Work required:
Report how many lines of the listing below include the word "Continuous". Give nothing but the number.

═════ Record extracts

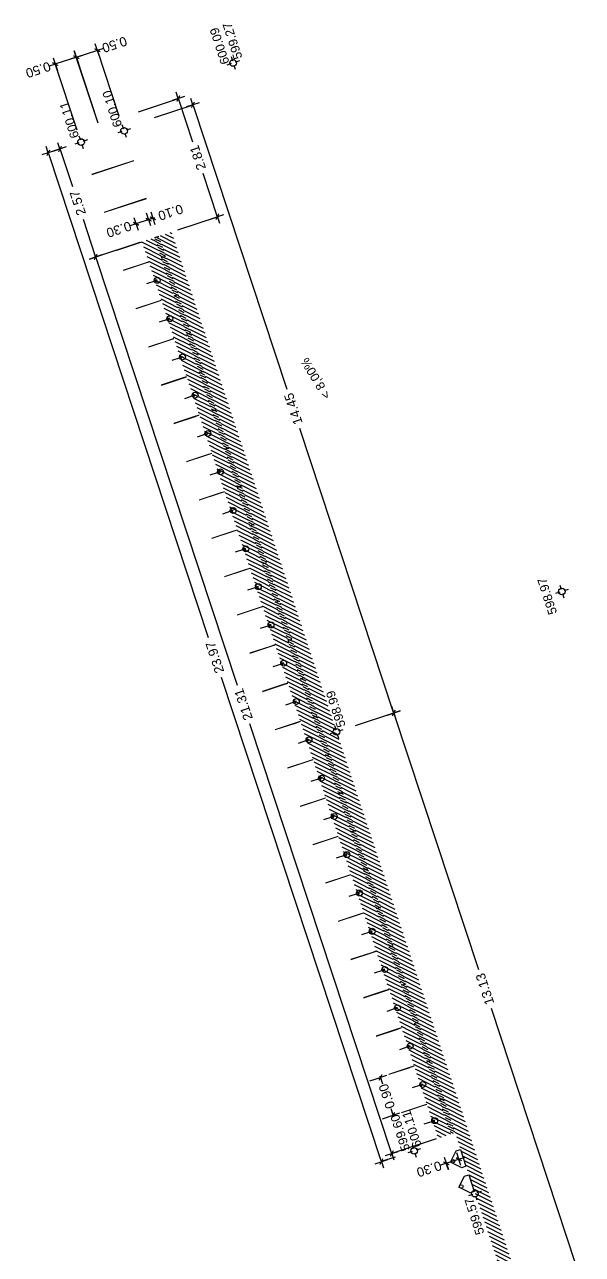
# Model space of a CAD drawing. Header units: metres. Extents: x 679304 to 680626, y 2747329 to 2750056.
# Drawn here: x 679753.89 to 679766.48, y 2748620.01 to 2748647.76 of the extents above; entities that cross this region are included whole.
import ezdxf
from ezdxf.enums import TextEntityAlignment as Align

# ---------------------------------------------------------------- set-up
doc = ezdxf.new("R2010")
doc.units = ezdxf.units.M
doc.linetypes.add('DASHEDX2', pattern=[1.5, 1, -0.5])
for name, color, linetype in [('00_WF_Return', 150, 'Continuous'), ('00_WF_Supply', 170, 'Continuous'), ('01-TX-Cotes_1-100', 157, 'Continuous'), ('01-TX-Dimensions_1-100', 157, 'Continuous'), ('01-TX-Pendents_1-100', 157, 'Continuous'), ('02-L-Waterfeatures 02', 152, 'Continuous'), ('COTAUX', 7, 'Continuous')]:
    doc.layers.add(name, color=color, linetype=linetype)
doc.layers.add('02-L-projecció 2', color=251, linetype='Continuous', lineweight=5, true_color=0x636363)
doc.layers.add('02-L-Waterfeatures 01', color=150, linetype='Continuous', true_color=0x2e9aff)
doc.styles.get("Standard").update_dxf_attribs({"font": 'arial.ttf'})
doc.dimstyles.new('E100', dxfattribs={"dimscale": 0.03, "dimtxt": 7, "dimasz": 0.5, "dimexe": 0.1, "dimexo": 15, "dimgap": 4, "dimtad": 1, "dimzin": 0, "dimdsep": 46, "dimtxsty": 'Standard', "dimblk1": 'LINCOT200', "dimblk2": 'LINCOT200', "dimsah": 1, "dimcen": 0.1, "dimdle": 0.1, "dimclrt": 256, "dimadec": 0, "dimazin": 0, "dimtfac": 0.015385, "dimtofl": 0, "dimtmove": 0, "dimatfit": 3, "dimldrblk": 'LINCOT200', "dimfxl": 1, "dimtolj": 1, "dimtzin": 0, "dimarcsym": 0})
pattern_1 = [(153.27658, (679729.77514, 2748619.18283), (-0.03569367, -0.07089677), [])]

# ---------------------------------------------------------------- blocks, each defined once
blk = doc.blocks.new('Cotes Altimetriques')
at = {"linetype": 'DASHEDX2', "ltscale": 0.5}
for points in [[(1.5, 0), (-1.5, 0)], [(0, -1.5), (0, 1.5)]]:
    blk.add_lwpolyline(points, dxfattribs=at)
blk.add_circle((0, 0), 0.75)
at = {"ltscale": 0.3}
blk.add_attdef('COTES', text='', height=2, dxfattribs=at).set_placement((0, 3.5), align=Align.MIDDLE)
blk = doc.blocks.new('*U13')
at = {"linetype": 'DASHEDX2', "ltscale": 0.5}
for points in [[(1.5, 0), (-1.5, 0)], [(0, -1.5), (0, 1.5)]]:
    blk.add_lwpolyline(points, dxfattribs=at)
blk.add_circle((0, 0), 0.75)
at = {"ltscale": 0.3}
blk.add_attdef('COTES', text='', height=2, dxfattribs=at).set_placement((4.58, 1.74), align=Align.MIDDLE)
blk = doc.blocks.new('*U14')
at = {"linetype": 'DASHEDX2', "ltscale": 0.5}
for points in [[(1.5, 0), (-1.5, 0)], [(0, -1.5), (0, 1.5)]]:
    blk.add_lwpolyline(points, dxfattribs=at)
blk.add_circle((0, 0), 0.75)
at = {"ltscale": 0.3}
blk.add_attdef('COTES', text='', height=2, dxfattribs=at).set_placement((4.78, -1.39), align=Align.MIDDLE)
blk = doc.blocks.new('*U15')
at = {"linetype": 'DASHEDX2', "ltscale": 0.5}
for points in [[(1.5, 0), (-1.5, 0)], [(0, -1.5), (0, 1.5)]]:
    blk.add_lwpolyline(points, dxfattribs=at)
blk.add_circle((0, 0), 0.75)
at = {"ltscale": 0.3}
blk.add_attdef('COTES', text='', height=2, dxfattribs=at).set_placement((5.56, 1), align=Align.MIDDLE)
blk = doc.blocks.new('*U19')
at = {"linetype": 'DASHEDX2', "ltscale": 0.5}
for points in [[(1.5, 0), (-1.5, 0)], [(0, -1.5), (0, 1.5)]]:
    blk.add_lwpolyline(points, dxfattribs=at)
blk.add_circle((0, 0), 0.75)
at = {"ltscale": 0.3}
blk.add_attdef('COTES', text='', height=2, dxfattribs=at).set_placement((4.94, -1.44), align=Align.MIDDLE)
blk = doc.blocks.new('*U16')
at = {"linetype": 'DASHEDX2', "ltscale": 0.5}
for points in [[(1.5, 0), (-1.5, 0)], [(0, -1.5), (0, 1.5)]]:
    blk.add_lwpolyline(points, dxfattribs=at)
blk.add_circle((0, 0), 0.75)
at = {"ltscale": 0.3}
blk.add_attdef('COTES', text='', height=2, dxfattribs=at).set_placement((5.56, 1), align=Align.MIDDLE)
blk = doc.blocks.new('*U20')
at = {"linetype": 'DASHEDX2', "ltscale": 0.5}
for points in [[(1.5, 0), (-1.5, 0)], [(0, -1.5), (0, 1.5)]]:
    blk.add_lwpolyline(points, dxfattribs=at)
blk.add_circle((0, 0), 0.75)
at = {"ltscale": 0.3}
blk.add_attdef('COTES', text='', height=2, dxfattribs=at).set_placement((4.81, 1.75), align=Align.MIDDLE)
blk = doc.blocks.new('*U21')
at = {"linetype": 'DASHEDX2', "ltscale": 0.5}
for points in [[(1.5, 0), (-1.5, 0)], [(0, -1.5), (0, 1.5)]]:
    blk.add_lwpolyline(points, dxfattribs=at)
blk.add_circle((0, 0), 0.75)
at = {"ltscale": 0.3}
blk.add_attdef('COTES', text='', height=2, dxfattribs=at).set_placement((4.82, -1), align=Align.MIDDLE)
blk = doc.blocks.new('LINCOT200')
for p, q in [((0, -10), (0, 10)), ((0, 0), (10, 0))]:
    blk.add_line(p, q)
at = {"const_width": 1.88}
blk.add_lwpolyline([(3.5, -3.5), (-3.5, 3.5)], dxfattribs=at)
at = {"layer": 'COTAUX'}
blk.add_line((0, 0), (-1.2, 0), dxfattribs=at)
blk = doc.blocks.new('*D23')
at = {"layer": '01-TX-Dimensions_1-100', "color": 0, "lineweight": -2, "transparency": 16777216}
for p, q in [((679756.823, 2748645.669), (679757.693, 2748645.956)), ((679757.695, 2748645.94), (679759.81, 2748639.534)), ((679762.218, 2748632.244), (679760.102, 2748638.651)), ((679761.356, 2748631.944), (679762.225, 2748632.231))]:
    blk.add_line(p, q, dxfattribs=at)
at = {"layer": 'DEFPOINTS', "color": 0, "transparency": 16777216}
for p in [(679757.69, 2748645.955), (679756.396, 2748645.527), (679760.929, 2748631.803)]:
    blk.add_point(p, dxfattribs=at)
at = {"layer": '01-TX-Dimensions_1-100', "color": 0, "lineweight": -2, "transparency": 16777216, "xscale": 0.015, "yscale": 0.015, "zscale": 0.015}
for p, rotation in [((679757.69, 2748645.955), 108.2765840035686), ((679762.223, 2748632.23), 288.2765840035686)]:
    blk.add_blockref('LINCOT200', p, dxfattribs=dict(at, rotation=rotation))
at = {"layer": '01-TX-Dimensions_1-100', "transparency": 16777216, "insert": (679759.956, 2748639.092), "char_height": 0.21, "attachment_point": 5, "rotation": 108.2766}
blk.add_mtext('\\A1;14.45', dxfattribs=at)
blk = doc.blocks.new('*D24')
at = {"layer": '01-TX-Dimensions_1-100', "color": 0, "lineweight": -2, "transparency": 16777216}
for p, q in [((679761.356, 2748631.944), (679762.226, 2748632.231)), ((679762.228, 2748632.216), (679764.136, 2748626.44)), ((679766.335, 2748619.781), (679764.427, 2748625.558)), ((679765.472, 2748619.48), (679766.342, 2748619.768))]:
    blk.add_line(p, q, dxfattribs=at)
at = {"layer": 'DEFPOINTS', "color": 0, "transparency": 16777216}
for p in [(679760.929, 2748631.803), (679766.339, 2748619.767), (679765.045, 2748619.339)]:
    blk.add_point(p, dxfattribs=at)
at = {"layer": '01-TX-Dimensions_1-100', "color": 0, "lineweight": -2, "transparency": 16777216, "xscale": 0.015, "yscale": 0.015, "zscale": 0.015}
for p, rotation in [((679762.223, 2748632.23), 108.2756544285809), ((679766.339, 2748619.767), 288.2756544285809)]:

══════════

Expected answer:
3